What the exercise asks:
Apart from any images, the entries are to be output exactly.

******

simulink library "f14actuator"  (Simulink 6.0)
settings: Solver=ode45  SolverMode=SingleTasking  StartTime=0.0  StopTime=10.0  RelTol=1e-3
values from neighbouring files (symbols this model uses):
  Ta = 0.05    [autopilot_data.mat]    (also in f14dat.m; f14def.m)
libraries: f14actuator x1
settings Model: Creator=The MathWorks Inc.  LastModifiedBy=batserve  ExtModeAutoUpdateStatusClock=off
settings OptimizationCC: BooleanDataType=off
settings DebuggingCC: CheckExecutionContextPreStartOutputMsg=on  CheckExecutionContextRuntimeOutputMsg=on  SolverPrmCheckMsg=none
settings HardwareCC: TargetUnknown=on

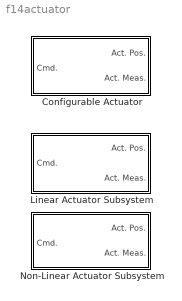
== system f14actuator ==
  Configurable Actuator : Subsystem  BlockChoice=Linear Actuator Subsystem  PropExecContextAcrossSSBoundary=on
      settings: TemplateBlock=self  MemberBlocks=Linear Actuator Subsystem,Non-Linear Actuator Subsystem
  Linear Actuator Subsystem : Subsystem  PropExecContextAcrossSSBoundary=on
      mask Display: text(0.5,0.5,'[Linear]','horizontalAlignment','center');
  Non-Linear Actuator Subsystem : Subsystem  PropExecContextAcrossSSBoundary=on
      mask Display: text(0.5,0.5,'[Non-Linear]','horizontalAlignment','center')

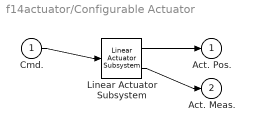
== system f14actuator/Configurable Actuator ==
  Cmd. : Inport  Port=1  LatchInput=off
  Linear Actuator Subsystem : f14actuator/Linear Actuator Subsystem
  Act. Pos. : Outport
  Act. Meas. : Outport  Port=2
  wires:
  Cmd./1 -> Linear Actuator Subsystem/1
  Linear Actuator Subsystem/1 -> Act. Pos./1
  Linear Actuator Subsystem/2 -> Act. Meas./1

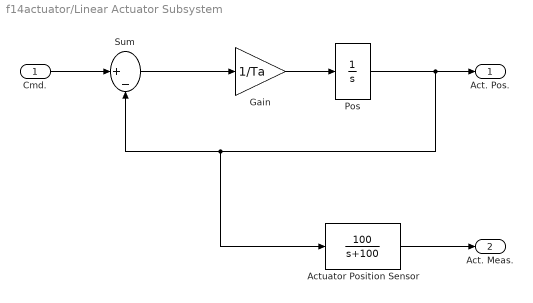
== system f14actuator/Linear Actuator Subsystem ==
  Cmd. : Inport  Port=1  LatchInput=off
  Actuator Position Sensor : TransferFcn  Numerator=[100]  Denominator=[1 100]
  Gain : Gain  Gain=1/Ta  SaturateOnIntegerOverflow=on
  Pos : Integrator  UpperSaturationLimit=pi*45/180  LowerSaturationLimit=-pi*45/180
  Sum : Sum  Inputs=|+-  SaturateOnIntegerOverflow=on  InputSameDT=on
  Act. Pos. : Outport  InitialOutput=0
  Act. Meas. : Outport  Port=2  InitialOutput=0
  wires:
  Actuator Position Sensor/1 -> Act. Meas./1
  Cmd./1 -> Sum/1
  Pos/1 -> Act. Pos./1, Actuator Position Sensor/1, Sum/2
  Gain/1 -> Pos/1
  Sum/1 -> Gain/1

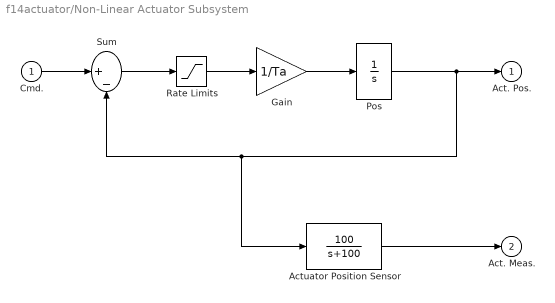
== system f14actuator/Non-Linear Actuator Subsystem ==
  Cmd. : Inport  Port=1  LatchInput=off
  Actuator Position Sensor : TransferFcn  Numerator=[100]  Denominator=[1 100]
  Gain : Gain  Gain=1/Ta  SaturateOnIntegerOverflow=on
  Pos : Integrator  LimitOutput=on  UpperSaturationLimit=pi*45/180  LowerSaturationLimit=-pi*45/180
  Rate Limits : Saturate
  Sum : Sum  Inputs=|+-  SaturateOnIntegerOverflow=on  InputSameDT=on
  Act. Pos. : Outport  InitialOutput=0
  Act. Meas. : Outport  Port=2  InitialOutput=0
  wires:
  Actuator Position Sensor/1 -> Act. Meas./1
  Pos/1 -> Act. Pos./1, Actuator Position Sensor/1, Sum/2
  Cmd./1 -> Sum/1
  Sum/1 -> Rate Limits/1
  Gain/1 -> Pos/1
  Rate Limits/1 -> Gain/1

******

Your solution:
simulink library "f14actuator"  (Simulink 6.0)
settings: Solver=ode45  SolverMode=SingleTasking  StartTime=0.0  StopTime=10.0  RelTol=1e-3
values from neighbouring files (symbols this model uses):
  Ta = 0.05    [autopilot_data.mat]    (also in f14dat.m; f14def.m)
libraries: f14actuator x1
settings Model: Creator=The MathWorks Inc.  LastModifiedBy=batserve  ExtModeAutoUpdateStatusClock=off
settings OptimizationCC: BooleanDataType=off
settings DebuggingCC: CheckExecutionContextPreStartOutputMsg=on  CheckExecutionContextRuntimeOutputMsg=on  SolverPrmCheckMsg=none
settings HardwareCC: TargetUnknown=on

== system f14actuator ==
  Configurable Actuator : Subsystem  BlockChoice=Linear Actuator Subsystem  PropExecContextAcrossSSBoundary=on
      settings: TemplateBlock=self  MemberBlocks=Linear Actuator Subsystem,Non-Linear Actuator Subsystem
  Linear Actuator Subsystem : Subsystem  PropExecContextAcrossSSBoundary=on
      mask Display: text(0.5,0.5,'[Linear]','horizontalAlignment','center');
  Non-Linear Actuator Subsystem : Subsystem  PropExecContextAcrossSSBoundary=on
      mask Display: text(0.5,0.5,'[Non-Linear]','horizontalAlignment','center')

== system f14actuator/Configurable Actuator ==
  Cmd. : Inport  Port=1  LatchInput=off
  Linear Actuator Subsystem : f14actuator/Linear Actuator Subsystem
  Act. Pos. : Outport
  Act. Meas. : Outport  Port=2
  wires:
  Cmd./1 -> Linear Actuator Subsystem/1
  Linear Actuator Subsystem/1 -> Act. Pos./1
  Linear Actuator Subsystem/2 -> Act. Meas./1

== system f14actuator/Linear Actuator Subsystem ==
  Cmd. : Inport  Port=1  LatchInput=off
  Actuator Position Sensor : TransferFcn  Numerator=[100]  Denominator=[1 100]
  Gain : Gain  Gain=1/Ta  SaturateOnIntegerOverflow=on
  Pos : Integrator  UpperSaturationLimit=pi*45/180  LowerSaturationLimit=-pi*45/180
  Sum : Sum  Inputs=|+-  SaturateOnIntegerOverflow=on  InputSameDT=on
  Act. Pos. : Outport  InitialOutput=0
  Act. Meas. : Outport  Port=2  InitialOutput=0
  wires:
  Actuator Position Sensor/1 -> Act. Meas./1
  Cmd./1 -> Sum/1
  Pos/1 -> Act. Pos./1, Actuator Position Sensor/1, Sum/2
  Gain/1 -> Pos/1
  Sum/1 -> Gain/1

== system f14actuator/Non-Linear Actuator Subsystem ==
  Cmd. : Inport  Port=1  LatchInput=off
  Actuator Position Sensor : TransferFcn  Numerator=[100]  Denominator=[1 100]
  Gain : Gain  Gain=1/Ta  SaturateOnIntegerOverflow=on
  Pos : Integrator  LimitOutput=on  UpperSaturationLimit=pi*45/180  LowerSaturationLimit=-pi*45/180
  Rate Limits : Saturate
  Sum : Sum  Inputs=|+-  SaturateOnIntegerOverflow=on  InputSameDT=on
  Act. Pos. : Outport  InitialOutput=0
  Act. Meas. : Outport  Port=2  InitialOutput=0
  wires:
  Actuator Position Sensor/1 -> Act. Meas./1
  Pos/1 -> Act. Pos./1, Actuator Position Sensor/1, Sum/2
  Cmd./1 -> Sum/1
  Sum/1 -> Rate Limits/1
  Gain/1 -> Pos/1
  Rate Limits/1 -> Gain/1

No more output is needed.